The symbolic toolbox does not always work well with the stats toolbox. And stats is where normcdf and norminv come from.
So do it with mostly pencil and paper. Start with Eq1.
Eq1 = 600000*1000*normcdf((sqrt(rho)*norminv(0.95,0,1) + norminv(pbar,0,1))/sqrt(1-rho),0,1) == 147400000;
Divide by those constants at the beginning, and take the inverse normcdf of both sides.
(sqrt(rho)*norminv(0.95,0,1) + norminv(pbar,0,1))/sqrt(1-rho) == norminv(147400000/(600000*1000),0,1)
We can reduce some of those numeric terms as...
norminv(147400000/(600000*1000))
This leaves Eq1 as:
(sqrt(rho)*1.64485362695147 + norminv(pbar,0,1))/sqrt(1-rho) == -0.688189693580052
Do the same for Eq2.
norminv(293200000/(600000*1000))
ans =
-0.0284122759864473
(sqrt(rho)*2.32634787404084 + norminv(pbar,0,1))/sqrt(1-rho) == -0.0284122759864473
We still see pbar in there, inside norminv, in both equations as norminv(pbar,0,1). Just call that number Z. So in the end, we have two equations in two unknowns, totally divorced from the stats toolbox.

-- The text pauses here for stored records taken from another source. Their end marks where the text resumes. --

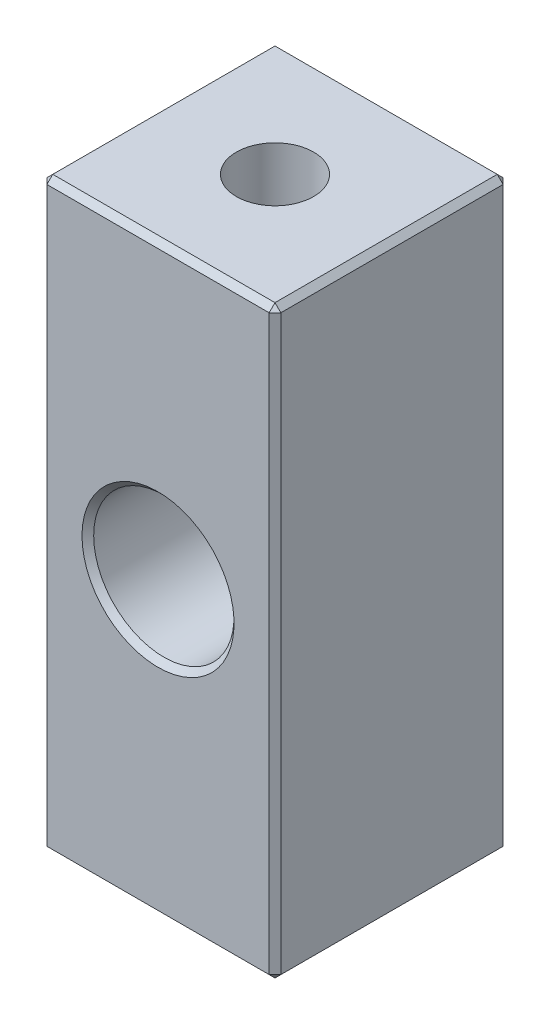
ISO-10303-21;
HEADER;
FILE_DESCRIPTION(('STEP AP214'),'2;1');
FILE_NAME('part.step','',(''),(''),'','','');
FILE_SCHEMA(('AUTOMOTIVE_DESIGN { 1 0 10303 214 1 1 1 1 }'));
ENDSEC;
DATA;
#1=APPLICATION_CONTEXT('core data for automotive mechanical design processes');
#2=APPLICATION_PROTOCOL_DEFINITION('international standard','automotive_design',2000,#1);
#3=PRODUCT_CONTEXT('',#1,'mechanical');
#4=PRODUCT('Part','Part','',(#3));
#5=PRODUCT_RELATED_PRODUCT_CATEGORY('part','',(#4));
#6=PRODUCT_DEFINITION_FORMATION('','',#4);
#7=PRODUCT_DEFINITION_CONTEXT('part definition',#1,'design');
#8=PRODUCT_DEFINITION('design','',#6,#7);
#9=PRODUCT_DEFINITION_SHAPE('','',#8);
#10=(LENGTH_UNIT() NAMED_UNIT(*) SI_UNIT(.MILLI.,.METRE.));
#11=(NAMED_UNIT(*) PLANE_ANGLE_UNIT() SI_UNIT($,.RADIAN.));
#12=(NAMED_UNIT(*) SI_UNIT($,.STERADIAN.) SOLID_ANGLE_UNIT());
#13=UNCERTAINTY_MEASURE_WITH_UNIT(LENGTH_MEASURE(1.E-05),#10,'distance_accuracy_value','');
#14=(GEOMETRIC_REPRESENTATION_CONTEXT(3) GLOBAL_UNCERTAINTY_ASSIGNED_CONTEXT((#13)) GLOBAL_UNIT_ASSIGNED_CONTEXT((#10,
#11,#12)) REPRESENTATION_CONTEXT('',''));
#15=CARTESIAN_POINT('',(0.,0.,0.));
#16=DIRECTION('',(0.,0.,1.));
#17=DIRECTION('',(1.,0.,0.));
#18=AXIS2_PLACEMENT_3D('',#15,#16,#17);
#19=CARTESIAN_POINT('',(-5.,-12.5,10.));
#20=DIRECTION('',(1.,0.,0.));
#21=DIRECTION('',(0.,0.,-1.));
#22=AXIS2_PLACEMENT_3D('',#19,#20,#21);
#23=PLANE('',#22);
#24=DIRECTION('',(0.,0.,-1.));
#25=VECTOR('',#24,1.);
#26=CARTESIAN_POINT('',(-5.,12.25,10.));
#27=LINE('',#26,#25);
#28=CARTESIAN_POINT('',(-5.,12.25,9.75));
#29=VERTEX_POINT('',#28);
#30=CARTESIAN_POINT('',(-5.,12.25,0.25));
#31=VERTEX_POINT('',#30);
#32=EDGE_CURVE('E169',#29,#31,#27,.T.);
#33=ORIENTED_EDGE('',*,*,#32,.T.);
#34=DIRECTION('',(0.,-1.,0.));
#35=VECTOR('',#34,1.);
#36=CARTESIAN_POINT('',(-5.,-12.5,0.25));
#37=LINE('',#36,#35);
#38=CARTESIAN_POINT('',(-5.,-12.25,0.25));
#39=VERTEX_POINT('',#38);
#40=EDGE_CURVE('E172',#31,#39,#37,.T.);
#41=ORIENTED_EDGE('',*,*,#40,.T.);
#42=DIRECTION('',(0.,0.,1.));
#43=VECTOR('',#42,1.);
#44=CARTESIAN_POINT('',(-5.,-12.25,10.));
#45=LINE('',#44,#43);
#46=CARTESIAN_POINT('',(-5.,-12.25,9.75));
#47=VERTEX_POINT('',#46);
#48=EDGE_CURVE('E167',#39,#47,#45,.T.);
#49=ORIENTED_EDGE('',*,*,#48,.T.);
#50=DIRECTION('',(0.,1.,0.));
#51=VECTOR('',#50,1.);
#52=CARTESIAN_POINT('',(-5.,-12.5,9.75));
#53=LINE('',#52,#51);
#54=EDGE_CURVE('E165',#47,#29,#53,.T.);
#55=ORIENTED_EDGE('',*,*,#54,.T.);
#56=EDGE_LOOP('',(#33,#41,#49,#55));
#57=FACE_BOUND('',#56,.T.);
#58=ADVANCED_FACE('F31',(#57),#23,.F.);
#59=CARTESIAN_POINT('',(-5.,-12.5,10.));
#60=DIRECTION('',(0.,1.,0.));
#61=DIRECTION('',(0.,0.,1.));
#62=AXIS2_PLACEMENT_3D('',#59,#60,#61);
#63=PLANE('',#62);
#64=DIRECTION('',(-1.,0.,0.));
#65=VECTOR('',#64,1.);
#66=CARTESIAN_POINT('',(-5.,-12.5,9.75));
#67=LINE('',#66,#65);
#68=CARTESIAN_POINT('',(4.75,-12.5,9.75));
#69=VERTEX_POINT('',#68);
#70=CARTESIAN_POINT('',(-4.75,-12.5,9.75));
#71=VERTEX_POINT('',#70);
#72=EDGE_CURVE('E183',#69,#71,#67,.T.);
#73=ORIENTED_EDGE('',*,*,#72,.T.);
#74=DIRECTION('',(0.,0.,-1.));
#75=VECTOR('',#74,1.);
#76=CARTESIAN_POINT('',(-4.75,-12.5,10.));
#77=LINE('',#76,#75);
#78=CARTESIAN_POINT('',(-4.75,-12.5,0.249999999999997));
#79=VERTEX_POINT('',#78);
#80=EDGE_CURVE('E189',#71,#79,#77,.T.);
#81=ORIENTED_EDGE('',*,*,#80,.T.);
#82=DIRECTION('',(1.,0.,0.));
#83=VECTOR('',#82,1.);
#84=CARTESIAN_POINT('',(5.,-12.5,0.249999999999997));
#85=LINE('',#84,#83);
#86=CARTESIAN_POINT('',(4.75,-12.5,0.249999999999997));
#87=VERTEX_POINT('',#86);
#88=EDGE_CURVE('E187',#79,#87,#85,.T.);
#89=ORIENTED_EDGE('',*,*,#88,.T.);
#90=DIRECTION('',(0.,0.,1.));
#91=VECTOR('',#90,1.);
#92=CARTESIAN_POINT('',(4.75,-12.5,10.));
#93=LINE('',#92,#91);
#94=EDGE_CURVE('E185',#87,#69,#93,.T.);
#95=ORIENTED_EDGE('',*,*,#94,.T.);
#96=EDGE_LOOP('',(#73,#81,#89,#95));
#97=FACE_BOUND('',#96,.T.);
#98=CARTESIAN_POINT('',(0.,-12.5,5.));
#99=DIRECTION('',(0.,-1.,0.));
#100=DIRECTION('',(0.,0.,-1.));
#101=AXIS2_PLACEMENT_3D('',#98,#99,#100);
#102=CIRCLE('',#101,1.64999999999999);
#103=CARTESIAN_POINT('',(0.,-12.5,3.35000000000001));
#104=VERTEX_POINT('',#103);
#105=EDGE_CURVE('E144',#104,#104,#102,.T.);
#106=ORIENTED_EDGE('',*,*,#105,.F.);
#107=EDGE_LOOP('',(#106));
#108=FACE_BOUND('',#107,.T.);
#109=ADVANCED_FACE('F317',(#97,#108),#63,.F.);
#110=CARTESIAN_POINT('',(5.,-12.5,10.));
#111=DIRECTION('',(-1.,0.,0.));
#112=DIRECTION('',(0.,0.,1.));
#113=AXIS2_PLACEMENT_3D('',#110,#111,#112);
#114=PLANE('',#113);
#115=DIRECTION('',(0.,-1.,0.));
#116=VECTOR('',#115,1.);
#117=CARTESIAN_POINT('',(5.,-12.5,9.75));
#118=LINE('',#117,#116);
#119=CARTESIAN_POINT('',(5.,12.25,9.75));
#120=VERTEX_POINT('',#119);
#121=CARTESIAN_POINT('',(5.,-12.25,9.75));
#122=VERTEX_POINT('',#121);
#123=EDGE_CURVE('E192',#120,#122,#118,.T.);
#124=ORIENTED_EDGE('',*,*,#123,.T.);
#125=DIRECTION('',(0.,0.,-1.));
#126=VECTOR('',#125,1.);
#127=CARTESIAN_POINT('',(5.,-12.25,10.));
#128=LINE('',#127,#126);
#129=CARTESIAN_POINT('',(5.,-12.25,0.249999999999997));
#130=VERTEX_POINT('',#129);
#131=EDGE_CURVE('E198',#122,#130,#128,.T.);
#132=ORIENTED_EDGE('',*,*,#131,.T.);
#133=DIRECTION('',(0.,1.,0.));
#134=VECTOR('',#133,1.);
#135=CARTESIAN_POINT('',(5.,12.5,0.249999999999997));
#136=LINE('',#135,#134);
#137=CARTESIAN_POINT('',(5.,12.25,0.249999999999997));
#138=VERTEX_POINT('',#137);
#139=EDGE_CURVE('E196',#130,#138,#136,.T.);
#140=ORIENTED_EDGE('',*,*,#139,.T.);
#141=DIRECTION('',(0.,0.,1.));
#142=VECTOR('',#141,1.);
#143=CARTESIAN_POINT('',(5.,12.25,10.));
#144=LINE('',#143,#142);
#145=EDGE_CURVE('E194',#138,#120,#144,.T.);
#146=ORIENTED_EDGE('',*,*,#145,.T.);
#147=EDGE_LOOP('',(#124,#132,#140,#146));
#148=FACE_BOUND('',#147,.T.);
#149=ADVANCED_FACE('F291',(#148),#114,.F.);
#150=CARTESIAN_POINT('',(-5.,12.5,10.));
#151=DIRECTION('',(0.,-1.,0.));
#152=DIRECTION('',(0.,0.,-1.));
#153=AXIS2_PLACEMENT_3D('',#150,#151,#152);
#154=PLANE('',#153);
#155=DIRECTION('',(-1.,0.,0.));
#156=VECTOR('',#155,1.);
#157=CARTESIAN_POINT('',(-5.,12.5,0.249999999999997));
#158=LINE('',#157,#156);
#159=CARTESIAN_POINT('',(4.75,12.5,0.249999999999997));
#160=VERTEX_POINT('',#159);
#161=CARTESIAN_POINT('',(-4.75,12.5,0.249999999999997));
#162=VERTEX_POINT('',#161);
#163=EDGE_CURVE('E178',#160,#162,#158,.T.);
#164=ORIENTED_EDGE('',*,*,#163,.T.);
#165=DIRECTION('',(0.,0.,1.));
#166=VECTOR('',#165,1.);
#167=CARTESIAN_POINT('',(-4.75,12.5,10.));
#168=LINE('',#167,#166);
#169=CARTESIAN_POINT('',(-4.75,12.5,9.75));
#170=VERTEX_POINT('',#169);
#171=EDGE_CURVE('E180',#162,#170,#168,.T.);
#172=ORIENTED_EDGE('',*,*,#171,.T.);
#173=DIRECTION('',(1.,0.,0.));
#174=VECTOR('',#173,1.);
#175=CARTESIAN_POINT('',(-5.,12.5,9.75));
#176=LINE('',#175,#174);
#177=CARTESIAN_POINT('',(4.75,12.5,9.75));
#178=VERTEX_POINT('',#177);
#179=EDGE_CURVE('E174',#170,#178,#176,.T.);
#180=ORIENTED_EDGE('',*,*,#179,.T.);
#181=DIRECTION('',(0.,0.,-1.));
#182=VECTOR('',#181,1.);
#183=CARTESIAN_POINT('',(4.75,12.5,10.));
#184=LINE('',#183,#182);
#185=EDGE_CURVE('E176',#178,#160,#184,.T.);
#186=ORIENTED_EDGE('',*,*,#185,.T.);
#187=EDGE_LOOP('',(#164,#172,#180,#186));
#188=FACE_BOUND('',#187,.T.);
#189=CARTESIAN_POINT('',(0.,12.5,5.));
#190=DIRECTION('',(0.,1.,0.));
#191=DIRECTION('',(0.,0.,1.));
#192=AXIS2_PLACEMENT_3D('',#189,#190,#191);
#193=CIRCLE('',#192,1.64999999999999);
#194=CARTESIAN_POINT('',(0.,12.5,6.64999999999999));
#195=VERTEX_POINT('',#194);
#196=EDGE_CURVE('E134',#195,#195,#193,.T.);
#197=ORIENTED_EDGE('',*,*,#196,.F.);
#198=EDGE_LOOP('',(#197));
#199=FACE_BOUND('',#198,.T.);
#200=ADVANCED_FACE('F345',(#188,#199),#154,.F.);
#201=CARTESIAN_POINT('',(-5.,12.5,10.));
#202=DIRECTION('',(0.,0.,-1.));
#203=DIRECTION('',(-1.,0.,0.));
#204=AXIS2_PLACEMENT_3D('',#201,#202,#203);
#205=PLANE('',#204);
#206=DIRECTION('',(0.,1.,0.));
#207=VECTOR('',#206,1.);
#208=CARTESIAN_POINT('',(4.75,12.5,10.));
#209=LINE('',#208,#207);
#210=CARTESIAN_POINT('',(4.75,-12.25,10.));
#211=VERTEX_POINT('',#210);
#212=CARTESIAN_POINT('',(4.75,12.25,10.));
#213=VERTEX_POINT('',#212);
#214=EDGE_CURVE('E40',#211,#213,#209,.T.);
#215=ORIENTED_EDGE('',*,*,#214,.T.);
#216=DIRECTION('',(-1.,0.,0.));
#217=VECTOR('',#216,1.);
#218=CARTESIAN_POINT('',(-5.,12.25,10.));
#219=LINE('',#218,#217);
#220=CARTESIAN_POINT('',(-4.75,12.25,10.));
#221=VERTEX_POINT('',#220);
#222=EDGE_CURVE('E11',#213,#221,#219,.T.);
#223=ORIENTED_EDGE('',*,*,#222,.T.);
#224=DIRECTION('',(0.,-1.,0.));
#225=VECTOR('',#224,1.);
#226=CARTESIAN_POINT('',(-4.75,12.5,10.));
#227=LINE('',#226,#225);
#228=CARTESIAN_POINT('',(-4.75,-12.25,10.));
#229=VERTEX_POINT('',#228);
#230=EDGE_CURVE('E204',#221,#229,#227,.T.);
#231=ORIENTED_EDGE('',*,*,#230,.T.);
#232=DIRECTION('',(1.,0.,0.));
#233=VECTOR('',#232,1.);
#234=CARTESIAN_POINT('',(-5.,-12.25,10.));
#235=LINE('',#234,#233);
#236=EDGE_CURVE('E51',#229,#211,#235,.T.);
#237=ORIENTED_EDGE('',*,*,#236,.T.);
#238=EDGE_LOOP('',(#215,#223,#231,#237));
#239=FACE_BOUND('',#238,.T.);
#240=CARTESIAN_POINT('',(0.,0.,10.));
#241=DIRECTION('',(0.,0.,-1.));
#242=DIRECTION('',(-1.,0.,0.));
#243=AXIS2_PLACEMENT_3D('',#240,#241,#242);
#244=CIRCLE('',#243,3.25);
#245=CARTESIAN_POINT('',(-3.25,0.,10.));
#246=VERTEX_POINT('',#245);
#247=EDGE_CURVE('E201',#246,#246,#244,.T.);
#248=ORIENTED_EDGE('',*,*,#247,.T.);
#249=EDGE_LOOP('',(#248));
#250=FACE_BOUND('',#249,.T.);
#251=ADVANCED_FACE('F352',(#239,#250),#205,.F.);
#252=CARTESIAN_POINT('',(-5.,12.5,0.));
#253=DIRECTION('',(0.,0.,-1.));
#254=DIRECTION('',(-1.,0.,0.));
#255=AXIS2_PLACEMENT_3D('',#252,#253,#254);
#256=PLANE('',#255);
#257=CARTESIAN_POINT('',(0.,0.,0.));
#258=DIRECTION('',(0.,0.,-1.));
#259=DIRECTION('',(-1.,0.,0.));
#260=AXIS2_PLACEMENT_3D('',#257,#258,#259);
#261=CIRCLE('',#260,3.25);
#262=CARTESIAN_POINT('',(-3.25,0.,0.));
#263=VERTEX_POINT('',#262);
#264=EDGE_CURVE('E156',#263,#263,#261,.F.);
#265=ORIENTED_EDGE('',*,*,#264,.T.);
#266=EDGE_LOOP('',(#265));
#267=FACE_BOUND('',#266,.T.);
#268=DIRECTION('',(0.,-1.,0.));
#269=VECTOR('',#268,1.);
#270=CARTESIAN_POINT('',(4.75,-12.5,0.));
#271=LINE('',#270,#269);
#272=CARTESIAN_POINT('',(4.75,12.25,0.));
#273=VERTEX_POINT('',#272);
#274=CARTESIAN_POINT('',(4.75,-12.25,0.));
#275=VERTEX_POINT('',#274);
#276=EDGE_CURVE('E147',#273,#275,#271,.T.);
#277=ORIENTED_EDGE('',*,*,#276,.T.);
#278=DIRECTION('',(-1.,0.,0.));
#279=VECTOR('',#278,1.);
#280=CARTESIAN_POINT('',(-5.,-12.25,0.));
#281=LINE('',#280,#279);
#282=CARTESIAN_POINT('',(-4.75,-12.25,0.));
#283=VERTEX_POINT('',#282);
#284=EDGE_CURVE('E153',#275,#283,#281,.T.);
#285=ORIENTED_EDGE('',*,*,#284,.T.);
#286=DIRECTION('',(0.,1.,0.));
#287=VECTOR('',#286,1.);
#288=CARTESIAN_POINT('',(-4.75,12.5,0.));
#289=LINE('',#288,#287);
#290=CARTESIAN_POINT('',(-4.75,12.25,0.));
#291=VERTEX_POINT('',#290);
#292=EDGE_CURVE('E151',#283,#291,#289,.T.);
#293=ORIENTED_EDGE('',*,*,#292,.T.);
#294=DIRECTION('',(1.,0.,0.));
#295=VECTOR('',#294,1.);
#296=CARTESIAN_POINT('',(5.,12.25,0.));
#297=LINE('',#296,#295);
#298=EDGE_CURVE('E149',#291,#273,#297,.T.);
#299=ORIENTED_EDGE('',*,*,#298,.T.);
#300=EDGE_LOOP('',(#277,#285,#293,#299));
#301=FACE_BOUND('',#300,.T.);
#302=ADVANCED_FACE('F283',(#267,#301),#256,.T.);
#303=CARTESIAN_POINT('',(0.,0.,0.));
#304=DIRECTION('',(0.,0.,1.));
#305=DIRECTION('',(1.,0.,0.));
#306=AXIS2_PLACEMENT_3D('',#303,#304,#305);
#307=CYLINDRICAL_SURFACE('',#306,3.);
#308=CARTESIAN_POINT('',(0.,0.,0.250000000000002));
#309=DIRECTION('',(0.,0.,-1.));
#310=DIRECTION('',(-1.,0.,0.));
#311=AXIS2_PLACEMENT_3D('',#308,#309,#310);
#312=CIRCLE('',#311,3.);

Eq1 = (sqrt(rho)*1.64485362695147 + Z)/sqrt(1-rho) == -0.688189693580052;
Eq2 = (sqrt(rho)*2.32634787404084 + Z)/sqrt(1-rho) == -0.0284122759864473;
parms = solve(Eq1,Eq2,[rho,Z]);
pbar = normcdf(double(parms.Z),0,1)
pbar =
0.0506542131962006
In fact, I could have taken the pencil and paper solution further, eliminating Z from the problem. Then I could probably have solved for rho by hand too, from the one equation that results. I was too lazy though. But suppose we did that... (as long as rho is not 1)
(EQ1 - EQ2)*sqrt(1-rho)
will look something like this:
12276708948987292*sqrt(rho) == 11885493328088105*sqrt((1 - rho)
Squaring both sides,
rho = (1-rho)*0.937282493509289
We can trivially now solve for rho, as 0.483813019861367. All by pencil and paper and a hand calculator. To no surprise, it agrees with what solve told me before.